__Action item__.
Nothing below is to be printed except the lines between the line holding "D8: 1N5819WS; Diode (SOD-323)" and the line holding "JP2: VGA AUDIO L; Jumper (solder, 3 pins)", inclusive, each exactly as it appears.

[Data Boundary: Start]

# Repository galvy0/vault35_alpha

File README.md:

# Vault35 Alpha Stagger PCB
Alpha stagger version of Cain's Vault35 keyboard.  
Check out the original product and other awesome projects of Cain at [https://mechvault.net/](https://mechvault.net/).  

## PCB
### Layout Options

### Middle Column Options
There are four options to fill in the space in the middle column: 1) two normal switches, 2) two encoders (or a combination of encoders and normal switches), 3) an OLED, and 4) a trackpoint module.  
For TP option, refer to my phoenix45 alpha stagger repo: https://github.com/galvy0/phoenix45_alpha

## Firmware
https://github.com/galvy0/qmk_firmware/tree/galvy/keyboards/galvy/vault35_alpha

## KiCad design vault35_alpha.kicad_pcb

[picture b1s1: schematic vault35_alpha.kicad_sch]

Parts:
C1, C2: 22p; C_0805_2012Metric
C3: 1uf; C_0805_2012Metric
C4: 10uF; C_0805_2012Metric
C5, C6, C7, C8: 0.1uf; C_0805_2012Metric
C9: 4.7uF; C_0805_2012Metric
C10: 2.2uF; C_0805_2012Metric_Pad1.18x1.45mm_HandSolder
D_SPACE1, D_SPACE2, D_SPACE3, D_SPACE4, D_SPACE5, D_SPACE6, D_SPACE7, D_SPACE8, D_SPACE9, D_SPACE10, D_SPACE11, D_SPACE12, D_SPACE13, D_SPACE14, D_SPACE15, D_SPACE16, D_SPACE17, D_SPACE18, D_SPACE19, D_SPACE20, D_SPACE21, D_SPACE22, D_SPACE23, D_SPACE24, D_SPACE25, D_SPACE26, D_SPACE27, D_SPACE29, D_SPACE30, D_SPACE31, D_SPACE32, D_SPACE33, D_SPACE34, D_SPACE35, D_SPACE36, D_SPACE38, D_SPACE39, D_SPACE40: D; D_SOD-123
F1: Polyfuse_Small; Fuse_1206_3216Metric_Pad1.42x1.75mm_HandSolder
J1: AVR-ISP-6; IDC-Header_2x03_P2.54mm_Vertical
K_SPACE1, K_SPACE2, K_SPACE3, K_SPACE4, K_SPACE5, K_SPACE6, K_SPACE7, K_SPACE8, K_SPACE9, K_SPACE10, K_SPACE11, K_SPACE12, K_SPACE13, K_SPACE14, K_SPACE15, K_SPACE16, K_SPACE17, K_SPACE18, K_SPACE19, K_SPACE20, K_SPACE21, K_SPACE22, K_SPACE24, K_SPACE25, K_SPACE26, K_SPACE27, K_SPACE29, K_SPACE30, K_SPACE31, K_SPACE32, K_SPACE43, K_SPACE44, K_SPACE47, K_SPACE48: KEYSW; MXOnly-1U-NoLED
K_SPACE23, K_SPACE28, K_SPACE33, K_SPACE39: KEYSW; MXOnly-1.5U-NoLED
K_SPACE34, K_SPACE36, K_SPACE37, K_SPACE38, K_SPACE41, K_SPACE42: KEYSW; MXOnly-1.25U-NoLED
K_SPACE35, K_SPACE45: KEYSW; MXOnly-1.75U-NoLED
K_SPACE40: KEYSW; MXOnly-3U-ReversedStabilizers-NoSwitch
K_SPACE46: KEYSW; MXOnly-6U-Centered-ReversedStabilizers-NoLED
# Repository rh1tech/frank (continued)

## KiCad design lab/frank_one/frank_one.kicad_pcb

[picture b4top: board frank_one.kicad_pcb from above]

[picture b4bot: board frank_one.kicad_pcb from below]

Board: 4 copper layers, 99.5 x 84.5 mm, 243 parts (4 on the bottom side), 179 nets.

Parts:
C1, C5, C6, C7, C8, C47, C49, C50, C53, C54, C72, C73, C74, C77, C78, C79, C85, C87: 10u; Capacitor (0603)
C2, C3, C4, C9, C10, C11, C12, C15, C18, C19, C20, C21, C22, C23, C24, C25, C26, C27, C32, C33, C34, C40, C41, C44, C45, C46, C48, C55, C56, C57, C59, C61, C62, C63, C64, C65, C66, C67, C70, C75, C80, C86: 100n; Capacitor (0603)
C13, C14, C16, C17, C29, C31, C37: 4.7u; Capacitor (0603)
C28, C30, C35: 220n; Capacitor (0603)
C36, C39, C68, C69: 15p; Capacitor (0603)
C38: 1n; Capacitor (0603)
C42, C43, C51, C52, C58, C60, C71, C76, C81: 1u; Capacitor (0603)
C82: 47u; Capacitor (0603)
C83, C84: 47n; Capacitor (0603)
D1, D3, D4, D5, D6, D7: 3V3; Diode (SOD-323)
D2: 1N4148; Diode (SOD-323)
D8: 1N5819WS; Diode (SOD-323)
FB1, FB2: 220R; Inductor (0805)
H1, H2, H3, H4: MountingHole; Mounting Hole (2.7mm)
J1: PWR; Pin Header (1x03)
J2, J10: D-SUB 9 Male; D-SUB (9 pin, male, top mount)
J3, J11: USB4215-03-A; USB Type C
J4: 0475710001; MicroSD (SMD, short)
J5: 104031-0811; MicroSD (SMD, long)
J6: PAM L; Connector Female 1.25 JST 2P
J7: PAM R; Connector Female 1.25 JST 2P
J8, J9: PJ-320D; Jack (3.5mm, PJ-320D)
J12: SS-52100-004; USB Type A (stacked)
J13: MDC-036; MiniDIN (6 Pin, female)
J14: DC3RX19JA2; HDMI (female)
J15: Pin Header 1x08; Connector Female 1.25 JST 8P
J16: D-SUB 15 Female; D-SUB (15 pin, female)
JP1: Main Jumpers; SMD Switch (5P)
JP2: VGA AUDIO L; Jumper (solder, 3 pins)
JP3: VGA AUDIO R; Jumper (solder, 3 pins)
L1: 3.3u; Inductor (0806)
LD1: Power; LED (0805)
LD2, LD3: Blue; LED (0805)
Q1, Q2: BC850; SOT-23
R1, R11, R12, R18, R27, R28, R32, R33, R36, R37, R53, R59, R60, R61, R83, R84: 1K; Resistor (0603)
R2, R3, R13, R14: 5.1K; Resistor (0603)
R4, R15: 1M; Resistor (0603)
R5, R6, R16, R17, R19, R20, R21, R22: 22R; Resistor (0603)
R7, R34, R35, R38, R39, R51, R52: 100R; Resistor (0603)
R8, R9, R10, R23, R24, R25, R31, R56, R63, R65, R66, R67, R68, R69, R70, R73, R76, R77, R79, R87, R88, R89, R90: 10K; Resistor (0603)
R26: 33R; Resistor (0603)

[Data Boundary: End]

__Answer area__.
D8: 1N5819WS; Diode (SOD-323)
FB1, FB2: 220R; Inductor (0805)
H1, H2, H3, H4: MountingHole; Mounting Hole (2.7mm)
J1: PWR; Pin Header (1x03)
J2, J10: D-SUB 9 Male; D-SUB (9 pin, male, top mount)
J3, J11: USB4215-03-A; USB Type C
J4: 0475710001; MicroSD (SMD, short)
J5: 104031-0811; MicroSD (SMD, long)
J6: PAM L; Connector Female 1.25 JST 2P
J7: PAM R; Connector Female 1.25 JST 2P
J8, J9: PJ-320D; Jack (3.5mm, PJ-320D)
J12: SS-52100-004; USB Type A (stacked)
J13: MDC-036; MiniDIN (6 Pin, female)
J14: DC3RX19JA2; HDMI (female)
J15: Pin Header 1x08; Connector Female 1.25 JST 8P
J16: D-SUB 15 Female; D-SUB (15 pin, female)
JP1: Main Jumpers; SMD Switch (5P)
JP2: VGA AUDIO L; Jumper (solder, 3 pins)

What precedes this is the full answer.